Talk to the DA manufacturer about what kind of orifice size they recommend with your model of DA, and operating conditions. If you can't get any worthwhile information, I'd try just installing an isolation valve ahead of the gate valve, and try an 1/8", and see what you get. A little trail & error should tell you what you need to know. You'll need to monitor things like operating load, and sulphite (I'm assuming you're using sulphite as an oxygen scavenger) consumption and residuals.
With a delta-P of 5 PSI (DA operating pressure to atmosphere), an 1/8" orifice will pass 7.5 lbs/hr, according to Spirax Sarco's "Hook-Ups". A 1/2" orifice will only pass 119 lbs per hour. I don't think your project will have to cost very much before the payback drifts away. I think you'll get a lot more bang for your buck just repairing/replacing a couple of failed steam traps in the plant.
RE: Deaerator Vent Steam Recovery
RE: Deaerator Vent Steam Recovery
We sure didn't have that from our packaged boilers IMO. They were about 500,000 lb/hr max capacity and the dearator was more than that as it also feed all the other steam generators on-site. All I could see you needing to vent is enough steam that the oxygen concentration is kept low in the vent stream. With a few ppm, maybe, in the feed water, that doesn't have to be much steam flow I would think.
Any other comments or am I all wet (no pun intended) on this one?
RE: Deaerator Vent Steam Recovery
Something that haunts calculations like this is that very few plants have any sort of accurate metering for steam. Most just have orifice plates (and fully half of those will have the plates installed backwards...) with no pressure compensation. Steam production & usage numbers in most plants are not much more than fiction.
RE: Deaerator Vent Steam Recovery
99.95% of the units I design have a 0.05% vent rate, which is more than adequate (in most cases) to vent the non-condensable gases and reach an outlet oxygen concentration of 0.005 cc/L and ~0.0 cc/L CO2. Exceptions come with every job, but unless there is a low delta T from the inlet to the outlet, or there is unusually high non-condensable gas content, a 0.05% vent rate is standard.
Regarding the vent orifice.... the hole is drilled into the gate to insure that the vent can never be closed. In normal operation, the gate is opened to release steam & non-condensables. The amount the gate is open is generally a trial and error proceedure that involves testing the outlet concentration of non-condesable gases. Vent rates can be calculated using an orifice equation. The most common size on a DA vent valve is 2".
Regarding the "vent condenser". External vent condensers are requested sometimes and they are always specified to be shell and tube heat exchangers. They are very effective and are also not very expensive. I would shop around if I were you... especially if the vendor is not willing to disclose how his "black box" "vent condenser" functions.

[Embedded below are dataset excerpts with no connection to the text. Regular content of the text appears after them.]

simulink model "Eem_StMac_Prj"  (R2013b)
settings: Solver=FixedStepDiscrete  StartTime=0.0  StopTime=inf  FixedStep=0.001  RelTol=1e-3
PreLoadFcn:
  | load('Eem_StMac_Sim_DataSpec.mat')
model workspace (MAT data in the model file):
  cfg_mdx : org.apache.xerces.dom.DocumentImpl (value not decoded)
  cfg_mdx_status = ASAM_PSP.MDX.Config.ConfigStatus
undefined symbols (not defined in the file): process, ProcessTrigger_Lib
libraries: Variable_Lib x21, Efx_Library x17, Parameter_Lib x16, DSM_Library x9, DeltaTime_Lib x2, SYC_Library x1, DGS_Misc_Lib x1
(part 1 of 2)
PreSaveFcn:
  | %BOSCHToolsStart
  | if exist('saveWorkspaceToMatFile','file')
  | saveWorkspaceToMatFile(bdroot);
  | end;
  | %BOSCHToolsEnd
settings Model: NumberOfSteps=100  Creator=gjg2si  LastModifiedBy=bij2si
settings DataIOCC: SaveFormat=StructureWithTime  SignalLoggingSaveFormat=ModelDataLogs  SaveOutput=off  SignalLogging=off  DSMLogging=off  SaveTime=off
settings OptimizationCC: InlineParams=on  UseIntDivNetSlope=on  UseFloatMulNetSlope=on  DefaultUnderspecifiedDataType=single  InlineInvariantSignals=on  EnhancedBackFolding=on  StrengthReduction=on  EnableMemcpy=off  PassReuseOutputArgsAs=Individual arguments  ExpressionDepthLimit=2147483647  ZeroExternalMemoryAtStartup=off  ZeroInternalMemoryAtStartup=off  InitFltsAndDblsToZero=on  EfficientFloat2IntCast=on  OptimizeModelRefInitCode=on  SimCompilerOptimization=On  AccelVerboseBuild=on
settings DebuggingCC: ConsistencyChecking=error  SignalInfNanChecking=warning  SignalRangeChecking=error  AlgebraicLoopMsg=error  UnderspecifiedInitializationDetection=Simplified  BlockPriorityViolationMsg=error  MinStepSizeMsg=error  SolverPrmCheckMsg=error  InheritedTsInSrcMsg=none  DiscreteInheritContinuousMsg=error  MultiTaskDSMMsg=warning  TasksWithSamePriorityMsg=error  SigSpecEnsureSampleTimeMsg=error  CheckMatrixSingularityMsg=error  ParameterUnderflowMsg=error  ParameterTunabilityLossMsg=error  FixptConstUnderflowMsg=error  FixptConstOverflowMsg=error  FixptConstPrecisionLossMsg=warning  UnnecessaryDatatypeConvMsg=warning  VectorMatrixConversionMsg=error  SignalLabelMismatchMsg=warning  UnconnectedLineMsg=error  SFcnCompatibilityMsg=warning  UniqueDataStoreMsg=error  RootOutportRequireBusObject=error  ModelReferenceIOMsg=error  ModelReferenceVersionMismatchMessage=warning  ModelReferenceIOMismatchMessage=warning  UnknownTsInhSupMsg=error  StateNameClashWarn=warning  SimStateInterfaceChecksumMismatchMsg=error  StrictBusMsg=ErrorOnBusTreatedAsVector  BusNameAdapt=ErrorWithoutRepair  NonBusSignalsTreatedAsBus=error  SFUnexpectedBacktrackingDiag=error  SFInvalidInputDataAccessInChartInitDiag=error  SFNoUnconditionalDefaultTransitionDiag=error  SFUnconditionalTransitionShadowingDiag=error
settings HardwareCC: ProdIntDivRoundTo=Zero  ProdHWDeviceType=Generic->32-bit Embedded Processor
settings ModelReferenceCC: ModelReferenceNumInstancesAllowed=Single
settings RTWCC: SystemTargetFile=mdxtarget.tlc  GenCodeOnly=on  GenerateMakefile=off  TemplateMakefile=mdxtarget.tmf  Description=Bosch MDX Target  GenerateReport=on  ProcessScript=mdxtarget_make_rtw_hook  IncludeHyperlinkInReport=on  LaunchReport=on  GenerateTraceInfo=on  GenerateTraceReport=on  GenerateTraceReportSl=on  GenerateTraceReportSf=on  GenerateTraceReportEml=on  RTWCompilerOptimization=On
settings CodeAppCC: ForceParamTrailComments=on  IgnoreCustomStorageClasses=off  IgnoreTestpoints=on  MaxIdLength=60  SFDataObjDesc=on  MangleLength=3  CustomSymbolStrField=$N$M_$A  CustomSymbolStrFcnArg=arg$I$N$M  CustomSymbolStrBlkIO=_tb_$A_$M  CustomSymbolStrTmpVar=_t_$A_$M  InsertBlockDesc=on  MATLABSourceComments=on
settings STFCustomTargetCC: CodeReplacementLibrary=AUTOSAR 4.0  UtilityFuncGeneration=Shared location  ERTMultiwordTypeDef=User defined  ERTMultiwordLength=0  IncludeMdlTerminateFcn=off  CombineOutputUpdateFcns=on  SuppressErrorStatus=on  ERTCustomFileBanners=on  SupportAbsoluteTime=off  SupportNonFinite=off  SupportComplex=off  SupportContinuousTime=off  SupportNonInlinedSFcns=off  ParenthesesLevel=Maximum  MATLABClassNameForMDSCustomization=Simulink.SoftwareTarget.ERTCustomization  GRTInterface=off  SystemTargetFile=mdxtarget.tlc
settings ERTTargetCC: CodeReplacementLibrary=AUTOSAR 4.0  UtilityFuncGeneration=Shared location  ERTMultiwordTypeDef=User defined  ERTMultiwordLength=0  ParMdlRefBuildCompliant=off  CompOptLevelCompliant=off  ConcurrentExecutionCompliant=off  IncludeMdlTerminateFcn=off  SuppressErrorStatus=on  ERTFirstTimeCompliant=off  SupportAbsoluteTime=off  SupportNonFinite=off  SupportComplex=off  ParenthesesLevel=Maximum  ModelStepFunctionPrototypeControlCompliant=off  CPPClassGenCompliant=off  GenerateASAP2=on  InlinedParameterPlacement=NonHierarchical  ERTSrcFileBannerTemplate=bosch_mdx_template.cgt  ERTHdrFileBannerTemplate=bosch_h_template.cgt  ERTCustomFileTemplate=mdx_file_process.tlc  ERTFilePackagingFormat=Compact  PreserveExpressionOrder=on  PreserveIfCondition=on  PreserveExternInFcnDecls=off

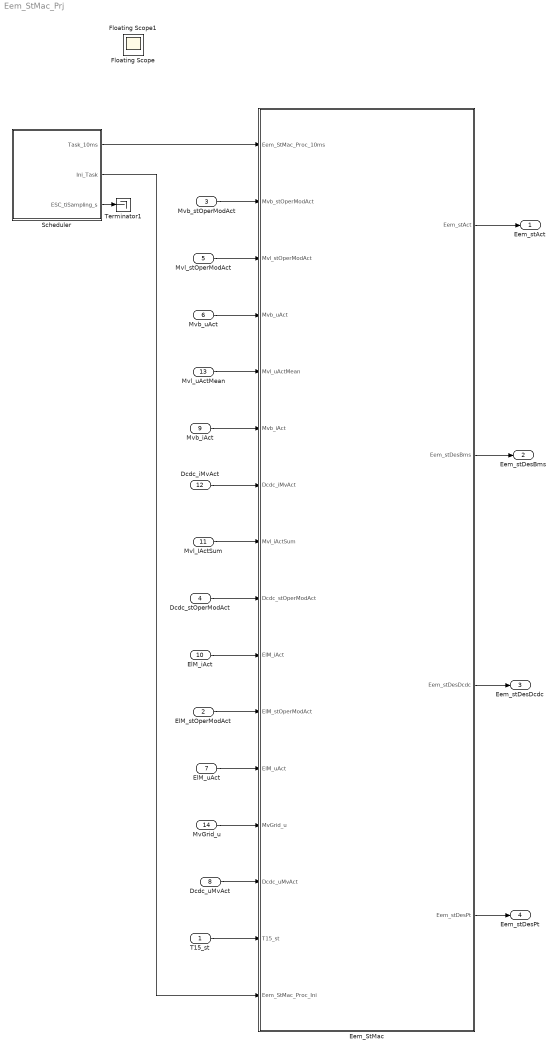
== system Eem_StMac_Prj ==
  T15_st : Inport  OutDataTypeStr=boolean
  ElM_stOperModAct : Inport  Port=2  OutDataTypeStr=OneToOne_U8
  Mvb_stOperModAct : Inport  Port=3  OutDataTypeStr=OneToOne_U8
  Dcdc_stOperModAct : Inport  Port=4  OutDataTypeStr=OneToOne_U8
  Mvl_stOperModAct : Inport  Port=5  OutDataTypeStr=OneToOne_U8
  Mvb_uAct : Inport  Port=6  OutDataTypeStr=spg_q0p0039_S16
  ElM_uAct : Inport  Port=7  OutDataTypeStr=spg_q0p0039_S16
  Dcdc_uMvAct : Inport  Port=8  OutDataTypeStr=spg_q0p0039_S16
  Mvb_iAct : Inport  Port=9  OutDataTypeStr=Curr_A_q0p03125_COMPU_S16
  ElM_iAct : Inport  Port=10  OutDataTypeStr=Curr_A_q0p03125_COMPU_S16
  Mvl_IActSum : Inport  Port=11  OutDataTypeStr=Curr_A_q0p03125_COMPU_S16
  Dcdc_iMvAct : Inport  Port=12  OutDataTypeStr=Curr_A_q0p03125_COMPU_S16
  Mvl_uActMean : Inport  Port=13  OutDataTypeStr=spg_q0p0039_S16
  MvGrid_u : Inport  Port=14  OutDataTypeStr=spg_q0p0039_S16
  Eem_StMac : Subsystem
  Scheduler : Subsystem  mask(Scheduler){Task_1ms=off, Task_2ms=off, Task_5ms=off, Task_10ms=on, Task_20ms=off, Task_50ms=off, Task_100ms=off, Task_200ms=off, Task_1000ms=off, Ini_Task=on, ASync_Task=off}
      mask help:
      | This Scheduler can be used to simulate execution of different
      | runnables/processes. Needed tasks can be de-/activated by this mask.
      |
      | Beside different time rates there is one task for initialization and
      | an asynchonous task that is triggered depending on ASync_U.
      mask init:
      | scheduler_cb('Ini',gcs,gcb);
  Terminator1 : Terminator
  Eem_stAct : Outport  OutDataTypeStr=OneToOne_U16
  Eem_stDesBms : Outport  Port=2  OutDataTypeStr=OneToOne_U8
  Eem_stDesDcdc : Outport  Port=3  OutDataTypeStr=OneToOne_U8
  Eem_stDesPt : Outport  Port=4  OutDataTypeStr=OneToOne_U8
  Floating Scope : Scope
      settings: Floating=on  YMin=0  YMax=700
  Floating Scope1 : Scope
      settings: Floating=on  YMin=0  YMax=2000
  wires:
  Scheduler/3(ESC_tiSampling_s) -> Terminator1/1
  Mvb_stOperModAct/1 -> Eem_StMac/2(Mvb_stOperModAct)
  Dcdc_stOperModAct/1 -> Eem_StMac/9(Dcdc_stOperModAct)
  Mvb_uAct/1 -> Eem_StMac/4(Mvb_uAct)
  Mvl_uActMean/1 -> Eem_StMac/5(Mvl_uActMean)
  Mvb_iAct/1 -> Eem_StMac/6(Mvb_iAct)
  Dcdc_iMvAct/1 -> Eem_StMac/7(Dcdc_iMvAct)
  Mvl_IActSum/1 -> Eem_StMac/8(Mvl_iActSum)
  Eem_StMac/1(Eem_stAct) -> Eem_stAct/1
  Eem_StMac/2(Eem_stDesBms) -> Eem_stDesBms/1
  Eem_StMac/4(Eem_stDesPt) -> Eem_stDesPt/1
  Eem_StMac/3(Eem_stDesDcdc) -> Eem_stDesDcdc/1
  Mvl_stOperModAct/1 -> Eem_StMac/3(Mvl_stOperModAct)
  Scheduler/1(Task_10ms) -> Eem_StMac/1(Eem_StMac_Proc_10ms)
  ElM_stOperModAct/1 -> Eem_StMac/11(ElM_stOperModAct)
  ElM_iAct/1 -> Eem_StMac/10(ElM_iAct)
  ElM_uAct/1 -> Eem_StMac/12(ElM_uAct)
  MvGrid_u/1 -> Eem_StMac/13(MvGrid_u)
  T15_st/1 -> Eem_StMac/15(T15_st)
  Dcdc_uMvAct/1 -> Eem_StMac/14(Dcdc_uMvAct)
  Scheduler/2(Ini_Task) -> Eem_StMac/16(Eem_StMac_Proc_Ini)

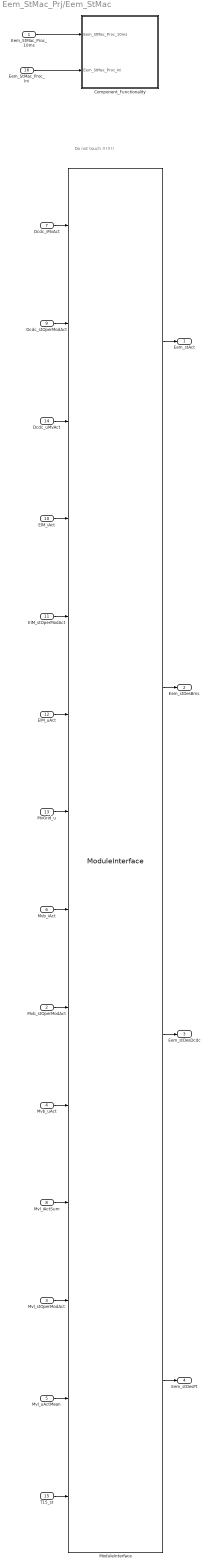
== system Eem_StMac_Prj/Eem_StMac ==
  note: Do not touch !!!!!!!
  Eem_StMac_Proc_10ms : Inport
  Mvb_stOperModAct : Inport  Port=2
  Mvl_stOperModAct : Inport  Port=3
  Mvb_uAct : Inport  Port=4
  Mvl_uActMean : Inport  Port=5
  Mvb_iAct : Inport  Port=6
  Dcdc_iMvAct : Inport  Port=7
  Mvl_iActSum : Inport  Port=8
  Dcdc_stOperModAct : Inport  Port=9
  ElM_iAct : Inport  Port=10
  ElM_stOperModAct : Inport  Port=11
  ElM_uAct : Inport  Port=12
  MvGrid_u : Inport  Port=13
  Dcdc_uMvAct : Inport  Port=14
  T15_st : Inport  Port=15
  Eem_StMac_Proc_Ini : Inport  Port=16
  Component_Functionality : Subsystem
  ModuleInterface : DGS_Misc_Lib/ModuleInterface
      link override FromIRV_OutIrv1: GotoTag=IRV_OutIrv1
      link override GotoIRV: GotoTag=IRV_InIrv  TagVisibility=global
  Eem_stAct : Outport
  Eem_stDesBms : Outport  Port=2
  Eem_stDesDcdc : Outport  Port=3
  Eem_stDesPt : Outport  Port=4
  wires:
  Eem_StMac_Proc_10ms/1 -> Component_Functionality/1(Eem_StMac_Proc_10ms)
  Eem_StMac_Proc_Ini/1 -> Component_Functionality/2(Eem_StMac_Proc_Ini)
  Dcdc_iMvAct/1 -> ModuleInterface/1
  Dcdc_stOperModAct/1 -> ModuleInterface/2
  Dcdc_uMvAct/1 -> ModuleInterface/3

You may want to make sure the vent condenser is required. Nearly every DA in service has an internal direct contact vent condenser. Besides, the steam loss is not considerably large.
Example:
A 500,000 lb/hr (outlet) DA with 50-50 makeup (60ºF) - condensate (180ºF) inlet mixture only needs to vent 283lb/hr, which uses a 4" gate valve.
Good Luck!
jproj
RE: Deaerator Vent Steam Recovery
jproj
RE: Deaerator Vent Steam Recovery
The idea of an existing built-in condenser is worth a check. The 0.5% par for steam vented confirms our finding in the literature.
Thanks for the quality help. I will post when we have more information. This issue is part of a larger study.
RE: Deaerator Vent Steam Recovery
Be very wary of the steam numbers you're being supplied with. The error can be significant.
RE: Deaerator Vent Steam Recovery
Chase down your condensate leaks. Install returns where there are none and fix all faulty steam traps. Reducing your make up will also reduce your blow requirements. Why worry about what little is going up the stack when tons more is going down the drain?